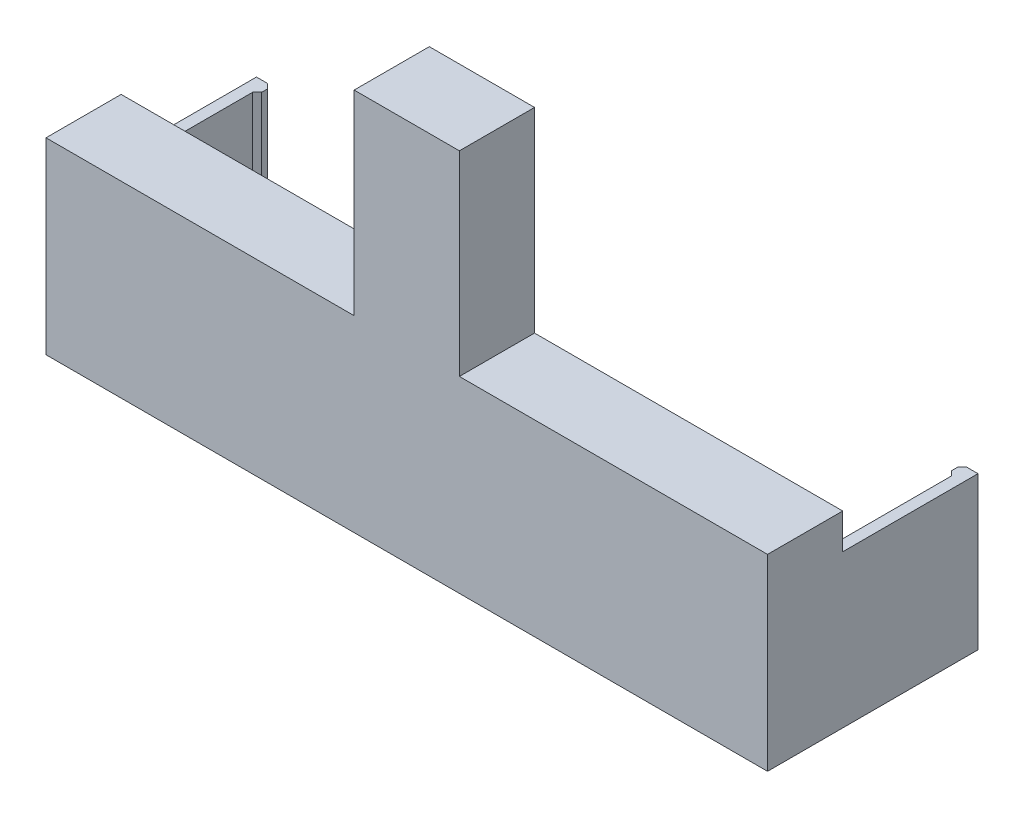
SolidWorks part; units mm, degrees
ref_plane "Front Plane" through (0, 0, 0) normal (0, 0, 1) x (1, 0, 0)
ref_plane "Top Plane" through (0, 0, 0) normal (0, 1, 0) x (1, 0, 0)
ref_plane "Right Plane" through (0, 0, 0) normal (1, 0, 0) x (0, 0, -1)
sketch "Display Rough Dim" plane through (0, 0, 0) normal (0, 0, 1) x (1, 0, 0)
  line L1 (-46.5, 48.5) -> (46.5, 48.5)
  line L2 (-46.5, 48.5) -> (-46.5, -48.5)
  line L3 (-46.5, -48.5) -> (46.5, -48.5)
  line L4 (46.5, 48.5) -> (46.5, -48.5)
  line L5 (-46.5, 48.5) -> (46.5, -48.5) construction
  line L6 (-46.5, -48.5) -> (46.5, 48.5) construction
  point P0 (0, 0)
  dimension "D1" = 93
  dimension "D2" = 97
sketch "Sketch1" plane through (0, 0, 0) normal (0, 0, 1) x (1, 0, 0)
  line L0 (-46.5, 48.5) -> (46.5, 48.5) construction
  line L1 (-48, 12.5) -> (48, 12.5)
  line L2 (-48, 12.5) -> (-48, -12.5)
  line L3 (-48, -12.5) -> (48, -12.5)
  line L4 (48, 12.5) -> (48, -12.5)
  line L5 (-48, 12.5) -> (48, -12.5) construction
  line L6 (-48, -12.5) -> (48, 12.5) construction
  line L7 (-7, 12.5) -> (-7, 38.5)
  line L8 (-7, 38.5) -> (7, 38.5)
  line L9 (7, 38.5) -> (7, 12.5)
  line L10 (46.5, 12.5) -> (46.5, -12.5)
  line L11 (46.5, 48.5) -> (46.5, -48.5) construction
  line L12 (-46.5, 12.5) -> (-46.5, -12.5)
  line L13 (-46.5, 48.5) -> (-46.5, -48.5) construction
  circle A0 centre (0, 31.5) radius 2
  point P0 (0, 0)
  point P14 (0, 38.5)
  dimension "D3" = 17
  dimension "D4" = 4
  dimension "D6" = 7
  dimension "D1" = 96
  dimension "D2" = 25
  dimension "D5" = 7
extrude "Boss-Extrude1" add sketch "Sketch1" along normal blind 10 contours L1 L12 L3 L10 | L12 L1 L2 L3 | L1 L10 L3 L4 | L9 L8 L7 L1 A0 | A0 region at (-47.25, 0, 0) region at (0, 0, 0) region at (0, 25.2855, 0) region at (47.25, 0, 0) region at (0, 31.5, 0)
extrude "Boss-Extrude2" add sketch "Sketch1<3>" against normal blind 18 contours L1 L10 L3 L4 | L12 L1 L2 L3 region at (-47.25, 0, 0) region at (47.25, 0, 0)
sketch "Sketch1<3>" plane through (0, 0, 0) normal (0, 0, 1) x (1, 0, 0) same geometry as "Sketch1"
extrude "Boss-Extrude3" add sketch "Sketch1<4>" against normal blind 5 contours A0
sketch "Sketch1<4>" plane through (0, 0, 0) normal (0, 0, 1) x (1, 0, 0) same geometry as "Sketch1"
sketch "Sketch5" plane through (0, 12.5, 0) normal (0, 1, 0) x (1, 0, 0)
  line L0 (-46.5, 18) -> (-45.5, 17)
  line L1 (-45.5, 17) -> (-46.5, 16)
  line L2 (-46.5, 18) -> (-46.5, 0) construction
  line L3 (-46.5, 16) -> (-43, 16) construction
  line L4 (-43, 16) -> (-43, 18) construction
  line L5 (-43, 18) -> (-46.5, 16) construction
  line L6 (-45.9, 17.4) -> (-45.9, 16.6)
  line L7 (0, 0) -> (0, 13.3207) construction
  line L8 (-48, 0) -> (48, 0) construction
  line L9 (45.5, 17) -> (46.5, 16)
  line L10 (46.5, 18) -> (45.5, 17)
  line L11 (45.9, 17.4) -> (45.9, 16.6)
  line L12 (46.5, 16) -> (46.5, 18)
  line M7 (-46.5, 0) -> (-46.5, 18)
  dimension "D1" = 3.5
  dimension "D2" = 2
  dimension "D3" = 135
  dimension "D4" = 0.6
extrude "Boss-Extrude4" add sketch "Sketch5" along direction (0, -1, 0) on the side against the normal up to surface (25 mm away) contours L9 L12 L10 L11 | L6 L0 L1 M7 region at (-46.2429, 12.5, -17) region at (46.2429, 12.5, -17) up to face at (0, -12.5, -6.5)
sketch "Sketch7" plane through (0, 12.5, 0) normal (0, 1, 0) x (1, 0, 0)
  line L0 (46.5, 0) -> (48, 0)
  line L1 (-48, 0) -> (48, 0) construction
  line L3 (-46.5, 0) -> (-48, 0)
  line L4 (-48, 0) -> (48, 0) construction
  line L12 (46.5, 0) -> (7, 0)
  line L13 (7, 0) -> (7, -10)
  line L14 (7, -10) -> (48, -10)
  line L15 (48, -10) -> (48, 18)
  line L16 (48, 18) -> (46.5, 18)
  line L17 (46.5, 18) -> (45.9, 17.4)
  line L18 (45.9, 17.4) -> (45.9, 16.6)
  line L19 (45.9, 16.6) -> (46.5, 16)
  line L20 (46.5, 16) -> (46.5, 0)
  line L21 (46.5, 0) -> (7, 0)
  line L22 (7, 0) -> (7, -10)
  line L23 (7, -10) -> (48, -10)
  line L24 (48, -10) -> (48, 18)
  line L25 (48, 18) -> (46.5, 18)
  line L26 (46.5, 18) -> (45.9, 17.4)
  line L27 (45.9, 17.4) -> (45.9, 16.6)
  line L28 (45.9, 16.6) -> (46.5, 16)
  line L29 (46.5, 16) -> (46.5, 0)
  line L30 (-7, 0) -> (-46.5, 0)
  line L31 (-46.5, 0) -> (-46.5, 16)
  line L32 (-46.5, 16) -> (-45.9, 16.6)
  line L33 (-45.9, 16.6) -> (-45.9, 17.4)
  line L34 (-45.9, 17.4) -> (-46.5, 18)
  line L35 (-46.5, 18) -> (-48, 18)
  line L36 (-48, 18) -> (-48, -10)
  line L37 (-48, -10) -> (-7, -10)
  line L38 (-7, -10) -> (-7, 0)
  line L39 (-7, 0) -> (-46.5, 0)
  line L40 (-46.5, 0) -> (-46.5, 16)
  line L41 (-46.5, 16) -> (-45.9, 16.6)
  line L42 (-45.9, 16.6) -> (-45.9, 17.4)
  line L43 (-45.9, 17.4) -> (-46.5, 18)
  line L44 (-46.5, 18) -> (-48, 18)
  line L45 (-48, 18) -> (-48, -10)
  line L46 (-48, -10) -> (-7, -10)
  line L47 (-7, -10) -> (-7, 0)
  line M22 (48, -10) -> (48, 18)
  line M23 (48, 18) -> (46.5, 18)
  line M24 (46.5, 18) -> (45.9, 17.4)
  line M25 (45.9, 17.4) -> (45.9, 16.6)
  line M26 (45.9, 16.6) -> (46.5, 16)
  line M27 (46.5, 16) -> (46.5, 0)
  dimension "D1" = 0
  dimension "D2" = 0
extrude "Cut-Extrude1" cut sketch "Sketch7" against normal blind 4.7 contours L0 M27 M22 M23 M24 M25 M26 region at (47.2196, 12.5, -9.2414)
extrude "Cut-Extrude2" cut sketch "Sketch7<4>" against normal blind 7 contours L44 L45 L3 L40 L41 L42 L43 region at (-47.2196, 12.5, -9.2414)
sketch "Sketch7<4>" plane through (0, 12.5, 0) normal (0, 1, 0) x (1, 0, 0) same geometry as "Sketch7"
equation "\"DisplayHeight\"= 18mm"
equation "\"DisplayWidth\"= 93mm"
equation "\"DisplayTall\"= 97mm"

::::::::

YOUR OBJECTIVE
A faithful, complete copy of the records above is required, one that contains no pictures.

OUTPUT FOR THIS TASK
SolidWorks part; units mm, degrees
ref_plane "Front Plane" through (0, 0, 0) normal (0, 0, 1) x (1, 0, 0)
ref_plane "Top Plane" through (0, 0, 0) normal (0, 1, 0) x (1, 0, 0)
ref_plane "Right Plane" through (0, 0, 0) normal (1, 0, 0) x (0, 0, -1)
sketch "Display Rough Dim" plane through (0, 0, 0) normal (0, 0, 1) x (1, 0, 0)
  line L1 (-46.5, 48.5) -> (46.5, 48.5)
  line L2 (-46.5, 48.5) -> (-46.5, -48.5)
  line L3 (-46.5, -48.5) -> (46.5, -48.5)
  line L4 (46.5, 48.5) -> (46.5, -48.5)
  line L5 (-46.5, 48.5) -> (46.5, -48.5) construction
  line L6 (-46.5, -48.5) -> (46.5, 48.5) construction
  point P0 (0, 0)
  dimension "D1" = 93
  dimension "D2" = 97
sketch "Sketch1" plane through (0, 0, 0) normal (0, 0, 1) x (1, 0, 0)
  line L0 (-46.5, 48.5) -> (46.5, 48.5) construction
  line L1 (-48, 12.5) -> (48, 12.5)
  line L2 (-48, 12.5) -> (-48, -12.5)
  line L3 (-48, -12.5) -> (48, -12.5)
  line L4 (48, 12.5) -> (48, -12.5)
  line L5 (-48, 12.5) -> (48, -12.5) construction
  line L6 (-48, -12.5) -> (48, 12.5) construction
  line L7 (-7, 12.5) -> (-7, 38.5)
  line L8 (-7, 38.5) -> (7, 38.5)
  line L9 (7, 38.5) -> (7, 12.5)
  line L10 (46.5, 12.5) -> (46.5, -12.5)
  line L11 (46.5, 48.5) -> (46.5, -48.5) construction
  line L12 (-46.5, 12.5) -> (-46.5, -12.5)
  line L13 (-46.5, 48.5) -> (-46.5, -48.5) construction
  circle A0 centre (0, 31.5) radius 2
  point P0 (0, 0)
  point P14 (0, 38.5)
  dimension "D3" = 17
  dimension "D4" = 4
  dimension "D6" = 7
  dimension "D1" = 96
  dimension "D2" = 25
  dimension "D5" = 7
extrude "Boss-Extrude1" add sketch "Sketch1" along normal blind 10 contours L1 L12 L3 L10 | L12 L1 L2 L3 | L1 L10 L3 L4 | L9 L8 L7 L1 A0 | A0 region at (-47.25, 0, 0) region at (0, 0, 0) region at (0, 25.2855, 0) region at (47.25, 0, 0) region at (0, 31.5, 0)
extrude "Boss-Extrude2" add sketch "Sketch1<3>" against normal blind 18 contours L1 L10 L3 L4 | L12 L1 L2 L3 region at (-47.25, 0, 0) region at (47.25, 0, 0)
sketch "Sketch1<3>" plane through (0, 0, 0) normal (0, 0, 1) x (1, 0, 0) same geometry as "Sketch1"
extrude "Boss-Extrude3" add sketch "Sketch1<4>" against normal blind 5 contours A0
sketch "Sketch1<4>" plane through (0, 0, 0) normal (0, 0, 1) x (1, 0, 0) same geometry as "Sketch1"
sketch "Sketch5" plane through (0, 12.5, 0) normal (0, 1, 0) x (1, 0, 0)
  line L0 (-46.5, 18) -> (-45.5, 17)
  line L1 (-45.5, 17) -> (-46.5, 16)
  line L2 (-46.5, 18) -> (-46.5, 0) construction
  line L3 (-46.5, 16) -> (-43, 16) construction
  line L4 (-43, 16) -> (-43, 18) construction
  line L5 (-43, 18) -> (-46.5, 16) construction
  line L6 (-45.9, 17.4) -> (-45.9, 16.6)
  line L7 (0, 0) -> (0, 13.3207) construction
  line L8 (-48, 0) -> (48, 0) construction
  line L9 (45.5, 17) -> (46.5, 16)
  line L10 (46.5, 18) -> (45.5, 17)
  line L11 (45.9, 17.4) -> (45.9, 16.6)
  line L12 (46.5, 16) -> (46.5, 18)
  line M7 (-46.5, 0) -> (-46.5, 18)
  dimension "D1" = 3.5
  dimension "D2" = 2
  dimension "D3" = 135
  dimension "D4" = 0.6
extrude "Boss-Extrude4" add sketch "Sketch5" along direction (0, -1, 0) on the side against the normal up to surface (25 mm away) contours L9 L12 L10 L11 | L6 L0 L1 M7 region at (-46.2429, 12.5, -17) region at (46.2429, 12.5, -17) up to face at (0, -12.5, -6.5)
sketch "Sketch7" plane through (0, 12.5, 0) normal (0, 1, 0) x (1, 0, 0)
  line L0 (46.5, 0) -> (48, 0)
  line L1 (-48, 0) -> (48, 0) construction
  line L3 (-46.5, 0) -> (-48, 0)
  line L4 (-48, 0) -> (48, 0) construction
  line L12 (46.5, 0) -> (7, 0)
  line L13 (7, 0) -> (7, -10)
  line L14 (7, -10) -> (48, -10)
  line L15 (48, -10) -> (48, 18)
  line L16 (48, 18) -> (46.5, 18)
  line L17 (46.5, 18) -> (45.9, 17.4)
  line L18 (45.9, 17.4) -> (45.9, 16.6)
  line L19 (45.9, 16.6) -> (46.5, 16)
  line L20 (46.5, 16) -> (46.5, 0)
  line L21 (46.5, 0) -> (7, 0)
  line L22 (7, 0) -> (7, -10)
  line L23 (7, -10) -> (48, -10)
  line L24 (48, -10) -> (48, 18)
  line L25 (48, 18) -> (46.5, 18)
  line L26 (46.5, 18) -> (45.9, 17.4)
  line L27 (45.9, 17.4) -> (45.9, 16.6)
  line L28 (45.9, 16.6) -> (46.5, 16)
  line L29 (46.5, 16) -> (46.5, 0)
  line L30 (-7, 0) -> (-46.5, 0)
  line L31 (-46.5, 0) -> (-46.5, 16)
  line L32 (-46.5, 16) -> (-45.9, 16.6)
  line L33 (-45.9, 16.6) -> (-45.9, 17.4)
  line L34 (-45.9, 17.4) -> (-46.5, 18)
  line L35 (-46.5, 18) -> (-48, 18)
  line L36 (-48, 18) -> (-48, -10)
  line L37 (-48, -10) -> (-7, -10)
  line L38 (-7, -10) -> (-7, 0)
  line L39 (-7, 0) -> (-46.5, 0)
  line L40 (-46.5, 0) -> (-46.5, 16)
  line L41 (-46.5, 16) -> (-45.9, 16.6)
  line L42 (-45.9, 16.6) -> (-45.9, 17.4)
  line L43 (-45.9, 17.4) -> (-46.5, 18)
  line L44 (-46.5, 18) -> (-48, 18)
  line L45 (-48, 18) -> (-48, -10)
  line L46 (-48, -10) -> (-7, -10)
  line L47 (-7, -10) -> (-7, 0)
  line M22 (48, -10) -> (48, 18)
  line M23 (48, 18) -> (46.5, 18)
  line M24 (46.5, 18) -> (45.9, 17.4)
  line M25 (45.9, 17.4) -> (45.9, 16.6)
  line M26 (45.9, 16.6) -> (46.5, 16)
  line M27 (46.5, 16) -> (46.5, 0)
  dimension "D1" = 0
  dimension "D2" = 0
extrude "Cut-Extrude1" cut sketch "Sketch7" against normal blind 4.7 contours L0 M27 M22 M23 M24 M25 M26 region at (47.2196, 12.5, -9.2414)
extrude "Cut-Extrude2" cut sketch "Sketch7<4>" against normal blind 7 contours L44 L45 L3 L40 L41 L42 L43 region at (-47.2196, 12.5, -9.2414)
sketch "Sketch7<4>" plane through (0, 12.5, 0) normal (0, 1, 0) x (1, 0, 0) same geometry as "Sketch7"
equation "\"DisplayHeight\"= 18mm"
equation "\"DisplayWidth\"= 93mm"
equation "\"DisplayTall\"= 97mm"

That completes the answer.